I recently bought a 186 CC and was wondering if anyone could recommend the best spot to mount my depht finder transducer on it? The install instructions says to mount 15" from the edge of the prop but that puts it right by a strake. What about inside the bilge area? Also, I have a hard time driving it on the trailer. I was wondering it moving the bunks in a few inches might help?


----------



## JerryB (May 15, 2003)

here is some generic transducer advice: 

mount your transducer to a board and clamp it onto the transom with some type of c-clamp then take her out for a spin and see how the sonar works. you can stop and reposition until you find the spot, then mark and finish the job. 

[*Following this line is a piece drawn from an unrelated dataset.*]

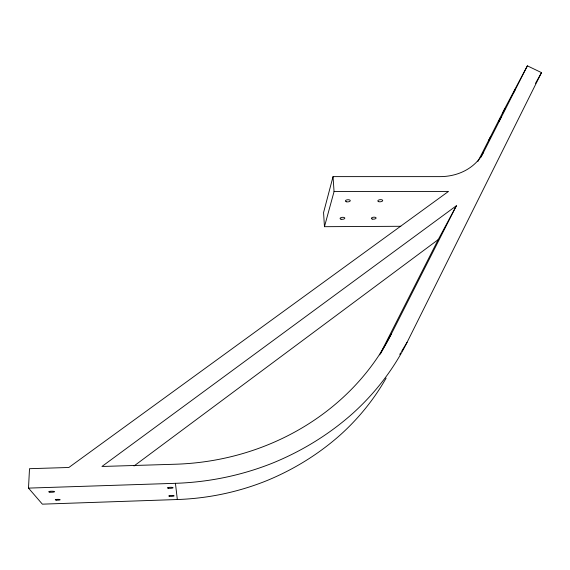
<?xml version="1.0" encoding="UTF-8"?>
<svg xmlns="http://www.w3.org/2000/svg" width="570" height="570" viewBox="0 0 570 570"><rect width="100%" height="100%" fill="white"/><g stroke="black" fill="none" stroke-linecap="round" stroke-linejoin="round"><path stroke-width="0.85" d="M386.132 378.095A243.476 223.119 -2.9 0 1 341.344 433.984C319.428 453.706 294.084 469.395 266.838 480.624A243.476 223.119 -2.9 0 1 177.334 499.527L42.372 504.158L28.5 488.105L29.505 468.69L68.849 467.486L448.512 191.413L334.056 191.584L324.458 226.689L400.803 226.283M401.586 351.384L407.073 342.335L541.5 72.625L527.378 65.842L483.503 152.325A54.435 46.362 20.6 0 1 439.933 176.629L333.037 176.622L323.568 212.582L324.458 226.689M515.572 88.671L514.632 90.53M503.103 112.233L502.754 112.946L504.849 108.884L503.331 111.791M488.832 140.334L488.447 141.118L489.922 138.296M490.157 137.833L490.549 137.049L489.067 139.878M391.234 334.184L456.399 205.742L101.937 466.474L175.396 464.229A245.178 221.652 -1.6 0 0 391.234 334.184L380.689 353.45M379.698 354.861L438.23 239.607L456.399 205.742M477.945 161.403L505.64 106.861L527.378 65.842M514.347 90.993L513.406 92.853L515.572 88.656M480.581 157.797L483.503 152.325M535.501 83.355L541.5 72.625M399.755 354.397L400.674 352.894M134.007 465.982L438.23 239.607M28.5 488.105L175.439 483.317A262.891 237.79 -1.7 0 0 272.652 463.061C302.093 451.041 329.517 434.219 353.222 412.993A262.891 237.79 -1.7 0 0 407.073 342.335M175.439 483.317L177.334 499.527M333.037 176.622L334.056 191.584M500.93 117.52L498.736 121.773L500.93 117.52M168.314 488.241A2.836 0.506 -1.7 0 0 173.031 487.856A2.836 0.506 -1.7 0 0 169.475 487.35A2.836 0.506 -1.7 0 0 168.314 488.241M169.575 496.299A2.722 0.47 -1.7 0 0 174.092 495.936A2.722 0.47 -1.7 0 0 170.686 495.48A2.722 0.47 -1.7 0 0 169.575 496.299M49.825 492.159A2.936 0.513 -0.6 0 0 54.52 491.775A2.936 0.513 -0.6 0 0 50.495 491.276A2.936 0.513 -0.6 0 0 49.825 492.159M56.231 500.104A2.43 0.406 -0.8 0 0 60.128 499.79A2.43 0.406 -0.8 0 0 56.808 499.398A2.43 0.406 -0.8 0 0 56.231 500.104M378.694 201.673A2.465 1.069 -5.3 0 0 382.691 200.726A2.465 1.069 -5.3 0 0 379.406 199.792A2.465 1.069 -5.3 0 0 378.694 201.673M346.311 201.759A2.472 1.076 -4.4 0 0 350.265 200.804A2.472 1.076 -4.4 0 0 346.902 199.87A2.472 1.076 -4.4 0 0 346.311 201.759M372.239 219.058A2.38 0.99 -5 0 0 376.079 218.167A2.38 0.99 -5 0 0 372.901 217.305A2.38 0.99 -5 0 0 372.239 219.058M341.003 219.194A2.38 0.997 -4.2 0 0 344.807 218.31A2.38 0.997 -4.2 0 0 341.551 217.441A2.38 0.997 -4.2 0 0 341.003 219.194"/></g></svg>

as for driving onto the bunks: get a big can of 100% silicone spray and spray the heck out of the bunks, let dry while out fishing and when you come back you should be able to load much easier. works great on my boat. do be careful not to remove your bow eye line until you have your boat over the water, some boats have been known to unload themselves on steep ramps after the silicone spray job. 

cheers
jerry


----------



## johnnyleo11 (Dec 17, 2003)

I have to mount transducers on boats at work sometimes. See if you can mount it a couple of inches above the spot you're looking to mount it. You can possibly calibrate the depth on your display unit to adjust for the couple of inches that you had to raise it.


----------



## JerryB (May 15, 2003)

if you mount it too high it won't read when on plane, so do a test before you drill holes. 

alot of guys up here mount the transducers on a board made of white plastic so they don't have to drill the hull. check these out:

http://www.cabelas.com/cabelas/en/templates/product/horizontal-item.jsp?_DARGS=/cabelas/en/common/catalog/item-link.jsp_A&_DAV=MainCatcat21276&id=0000847010102a&navCount=1&podId=0000847&parentId=cat21402&navAction=push&catalogCode=IF&rid=&parentType=index&indexId=cat21402&hasJS=true

i use the pro model on my boat. 

good luck,
jerry


----------